The function of each scripts

  1. exgt.py read vcf files from disk write to disk

    This script used awk and sed command to extract the genotypes in vcf file. The genotype was splited by homo chromosome. This script perform one row data at each time, so it will not use up a lot memory.

  2. df2ss.py read files from disk write to disk (sheets directory)

    This script separate coordinates( chrom and position) information and genotype information, Then save data as the format: each chromosome have one coordinate file and one genotype file.

  3. flow_across_df.py read from the disk generate variables snkDic and filiDic。

​ Using sliding windows to calculate the IBS proportion between RILs and parents in a window。

  1. ibd_constraint.py read from filiDic.pkl generate variable cstDic

    4.1 Convert digits to boolean values, SO we can judge the RIL fragments comes from which parents. If the parents have abs proportion larger than 95%, and differences of the value between parents are smaller than 0.1% , then these parents are treated as the contributor for the RIL fragment and these parents TRUE. (A strict criteria:abs proportion > 99% and number of SNPs in a window > 4).

​ 4.2 The IBD relationships in MAGIC4w pybinXII was finished, but there need more works to let the code commonly used.

  1. break_points.py used snkDic and cstDic to generate bksDic

    The 5, 6, 7 step handle each individual to make haplotype.

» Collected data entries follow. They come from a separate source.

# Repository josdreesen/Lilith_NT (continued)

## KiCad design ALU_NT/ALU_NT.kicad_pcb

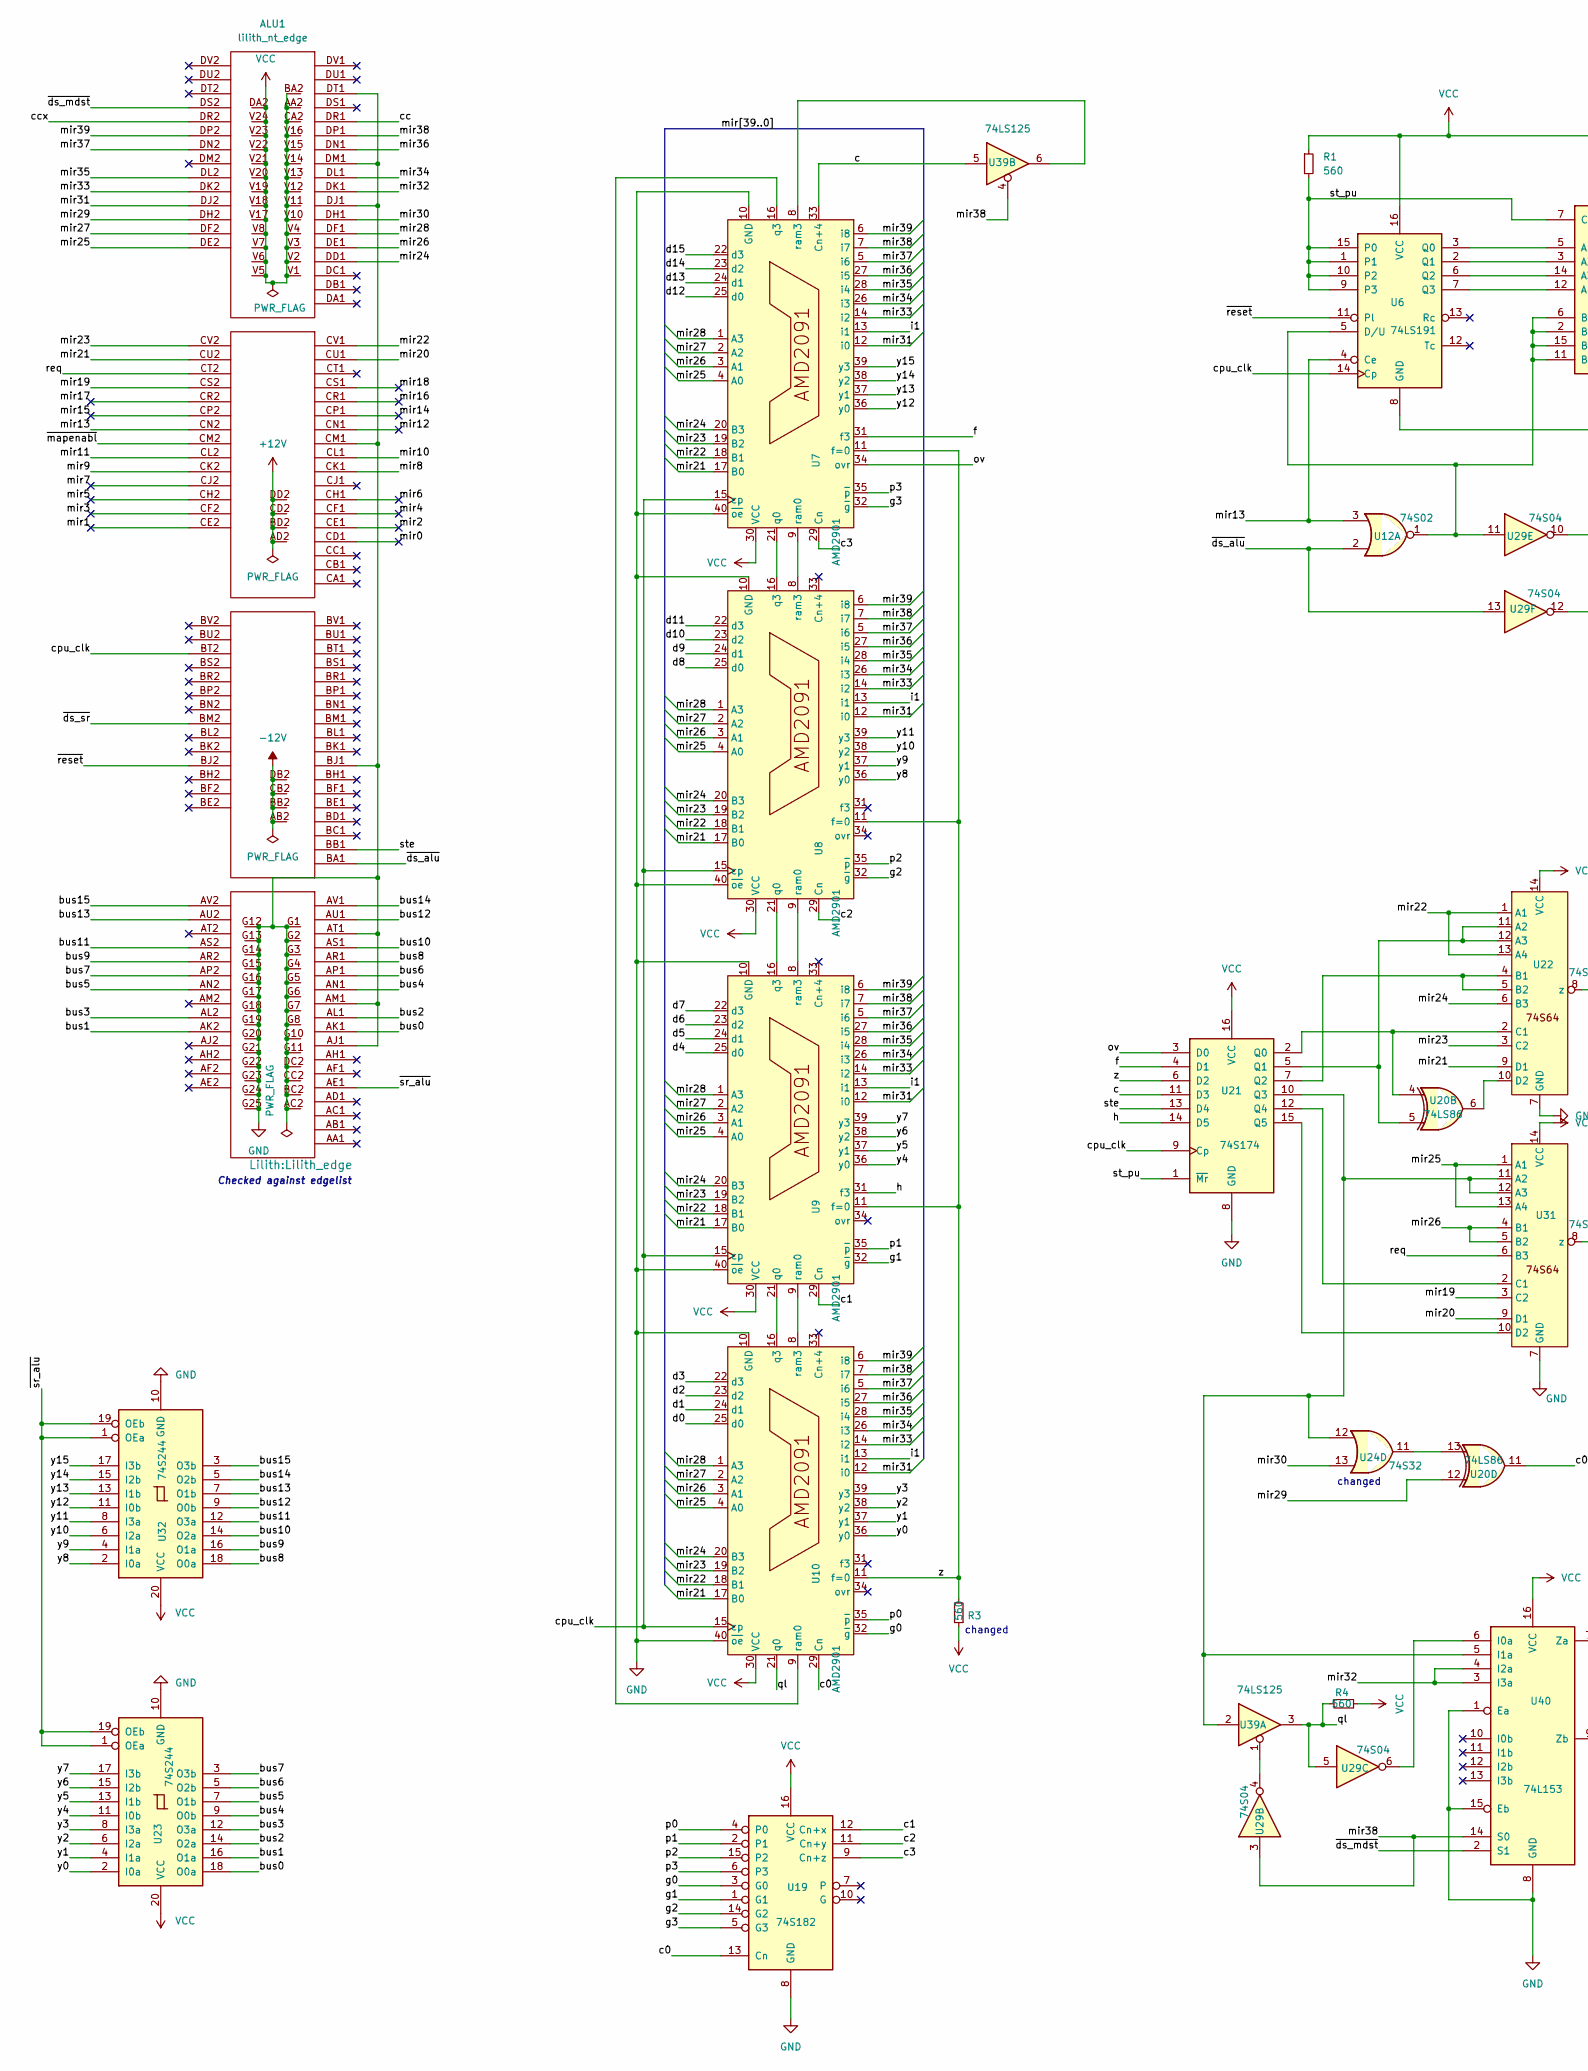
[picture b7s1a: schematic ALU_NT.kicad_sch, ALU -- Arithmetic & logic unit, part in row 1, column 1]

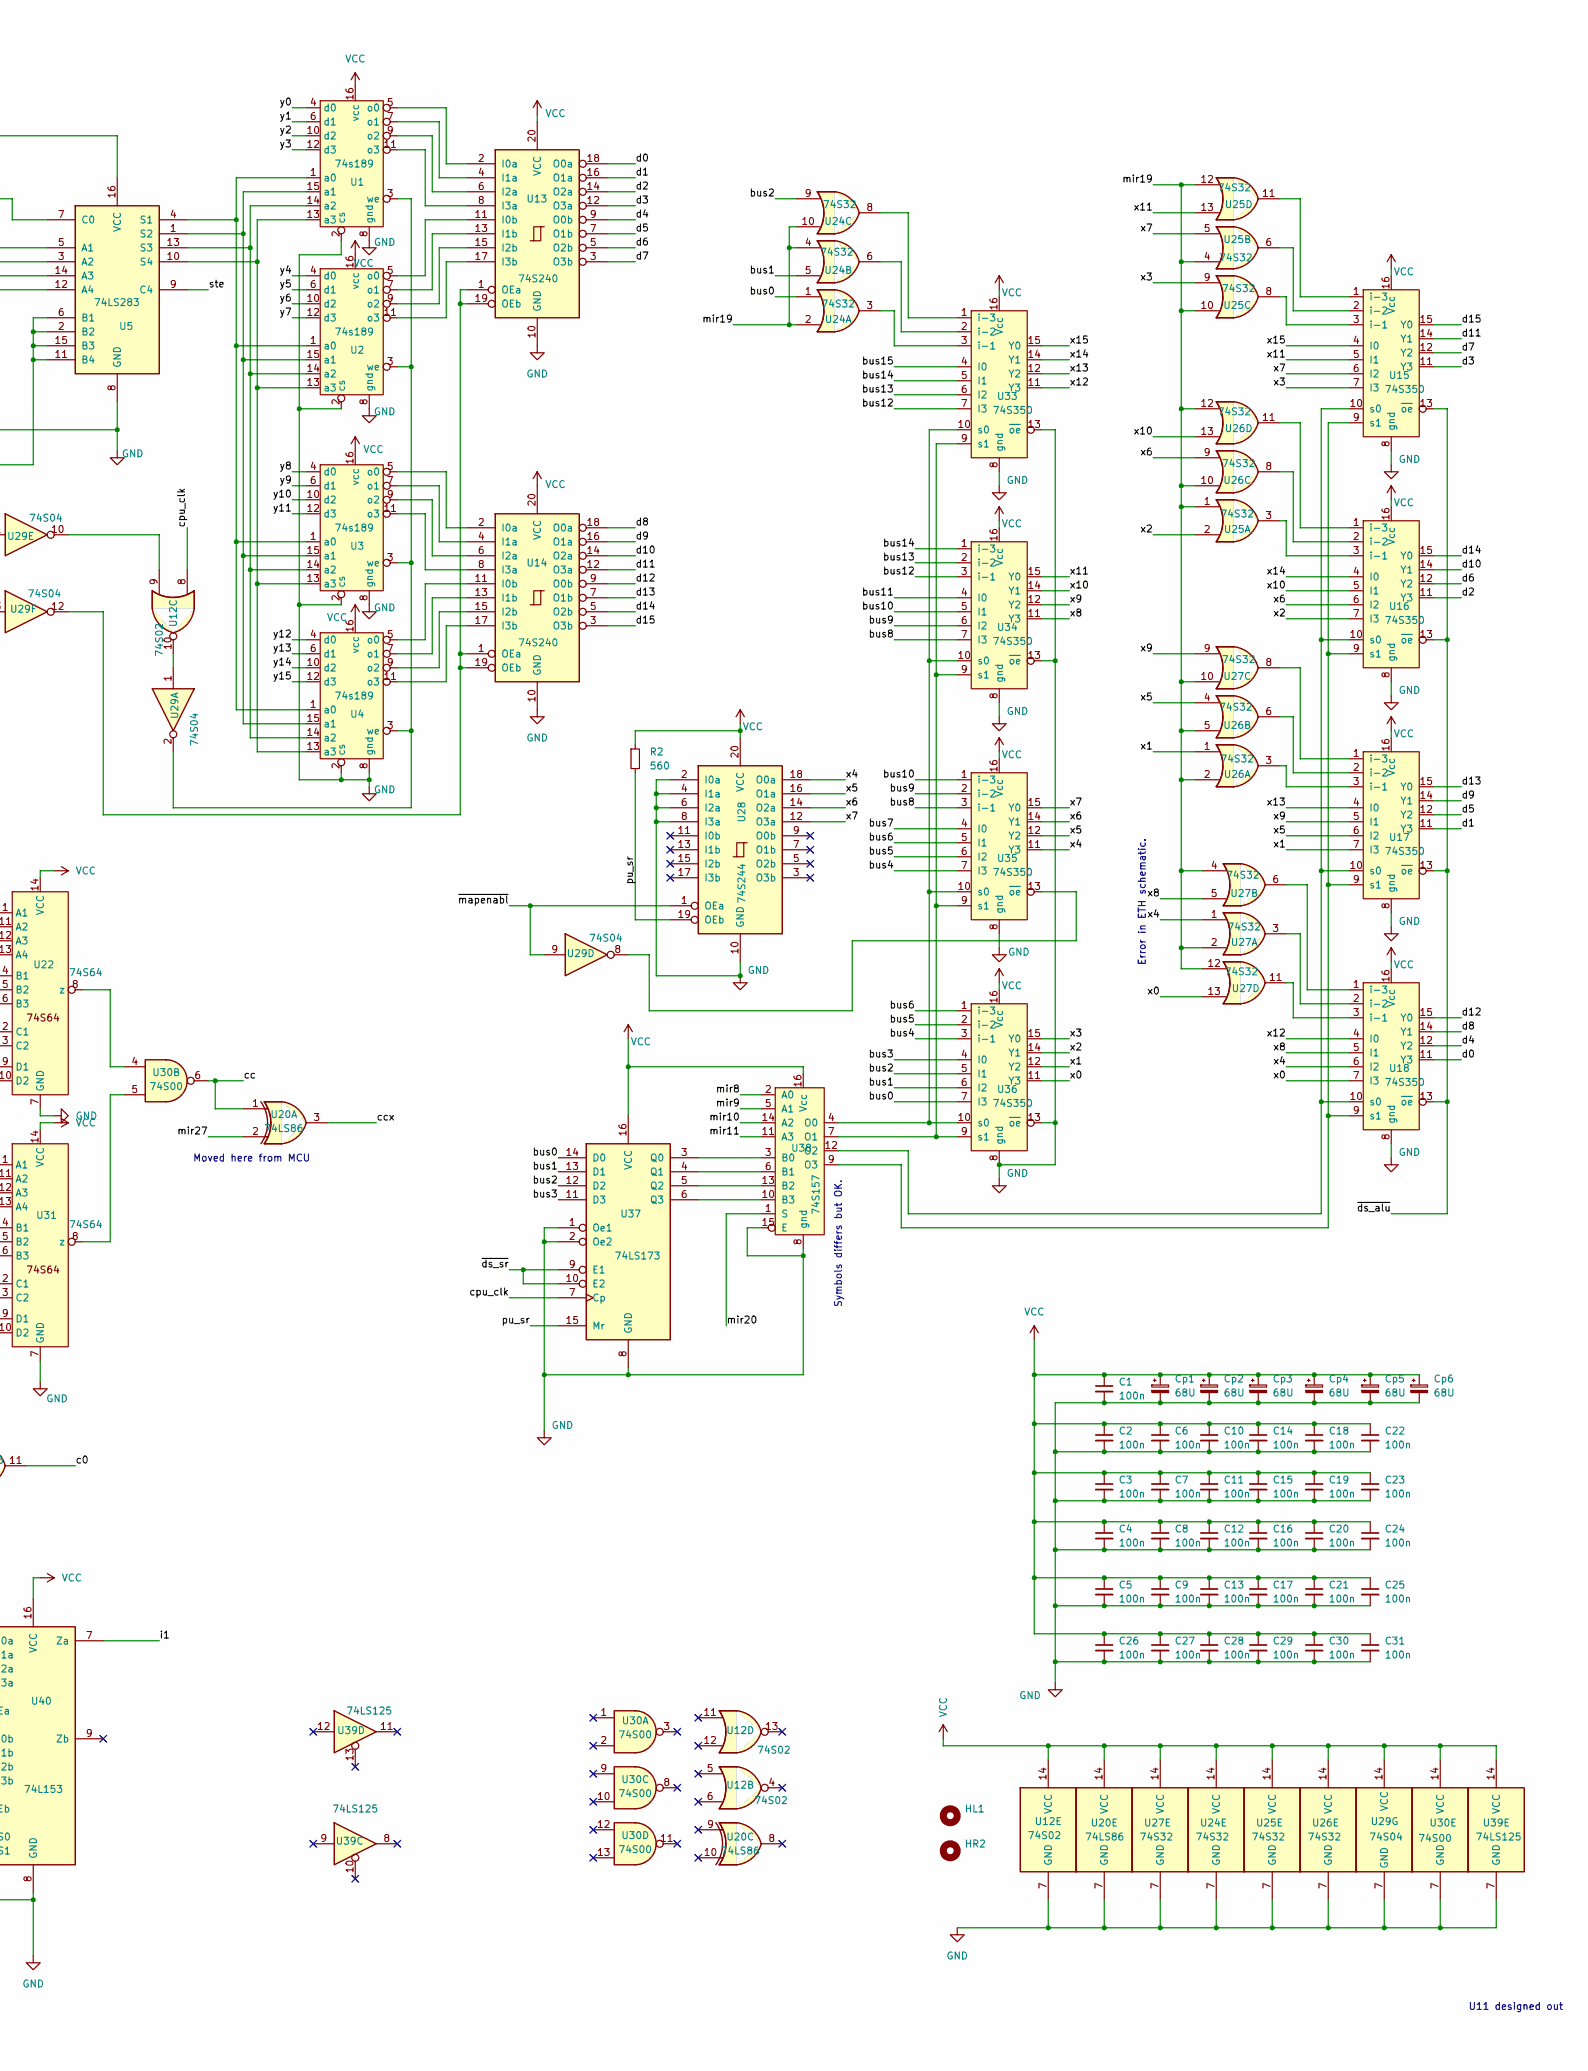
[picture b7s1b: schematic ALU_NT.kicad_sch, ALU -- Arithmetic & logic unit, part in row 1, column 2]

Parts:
ALU1: lilith_nt_edge; Lilith_edge
C1, C2, C3, C4, C5, C6, C7, C8, C9, C10, C11, C12, C13, C14, C15, C16, C17, C18, C19, C20, C21, C22, C23, C24, C25, C26, C27, C28, C29, C30, C31: 100n; C_1206_3216Metric_Pad1.33x1.80mm_HandSolder
Cp1, Cp2, Cp3, Cp4, Cp5, Cp6: 68U; CP_PHP
HL1: MountingHole; Handle
HR2: MountingHole; Handle
R1, R2, R3, R4: 560; R_Axial_DIN0204_L3.6mm_D1.6mm_P7.62mm_Horizontal
U1, U2, U3, U4: 74s189; DIP-16_W7.62mm
U5: 74LS283; DIP-16_W7.62mm
U6: 74LS191; DIP-16_W7.62mm
U7, U8, U9, U10: AMD2901; DIP-40_W15.24mm
U12: 74S02; DIP-14_W7.62mm
U13, U14: 74S240; DIP-20_W7.62mm
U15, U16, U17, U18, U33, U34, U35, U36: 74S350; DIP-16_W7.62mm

    break_points.py judge the breakpoints in each individual. Here we treat the missing haplotype as background gap, so the output data don't have missing value. This treatment makes us easy to adjust the border of each haplotype.

  2. opdin_mc.py used xfhDic (the other name of cstDic) and bksDic to generate haprDIc.

    Shrink the borders of each haplotype to most upper position that it can reach.

  3. maxparsi_mc.py used harprDic to generate mpsDic

    Considering all the borders of all the RILs to extend the haplotypes borders with no conflicts. When there are gap with 2 Mb region, the borders between two haplotypes were not extended.

  4. divbin.py used xfhDic and mpsDic to generate rwDic,regDic and nbDic.

    Delineate bins considering all the borders of all the individuals. Note, the region between a border and the next border was not treated as a bin. if all individuals are missing in a region on the genome , the set all the individual missing(no data on the bin map).

  5. retrench.py used regDic and nbDic to generate tulist、bsz and tgd.

    Based on the bin map generated by last step impute the bin map: If the upper one row bin and next row bin are all the same except missing values,then merge the two bins.

  6. fmb.py used bsz and tgd to generate bimp (bimDic).

    After last step imputing, some gaps become smaller, then we can fill the gaps.

  7. haplotype_info_indv.py used bsz and bimp to generate tpDic and hpfDic.

    Using the constructed bin map to generate haplotypes of each individual. Each individual was a list , this is better expression than 5,6,7 step.

others: double_crossMG.py, grid.py, lover.py is used for treating double-cross problem,they will add dependent on the requirements。 High quality sequencing data don‘t need these three steps.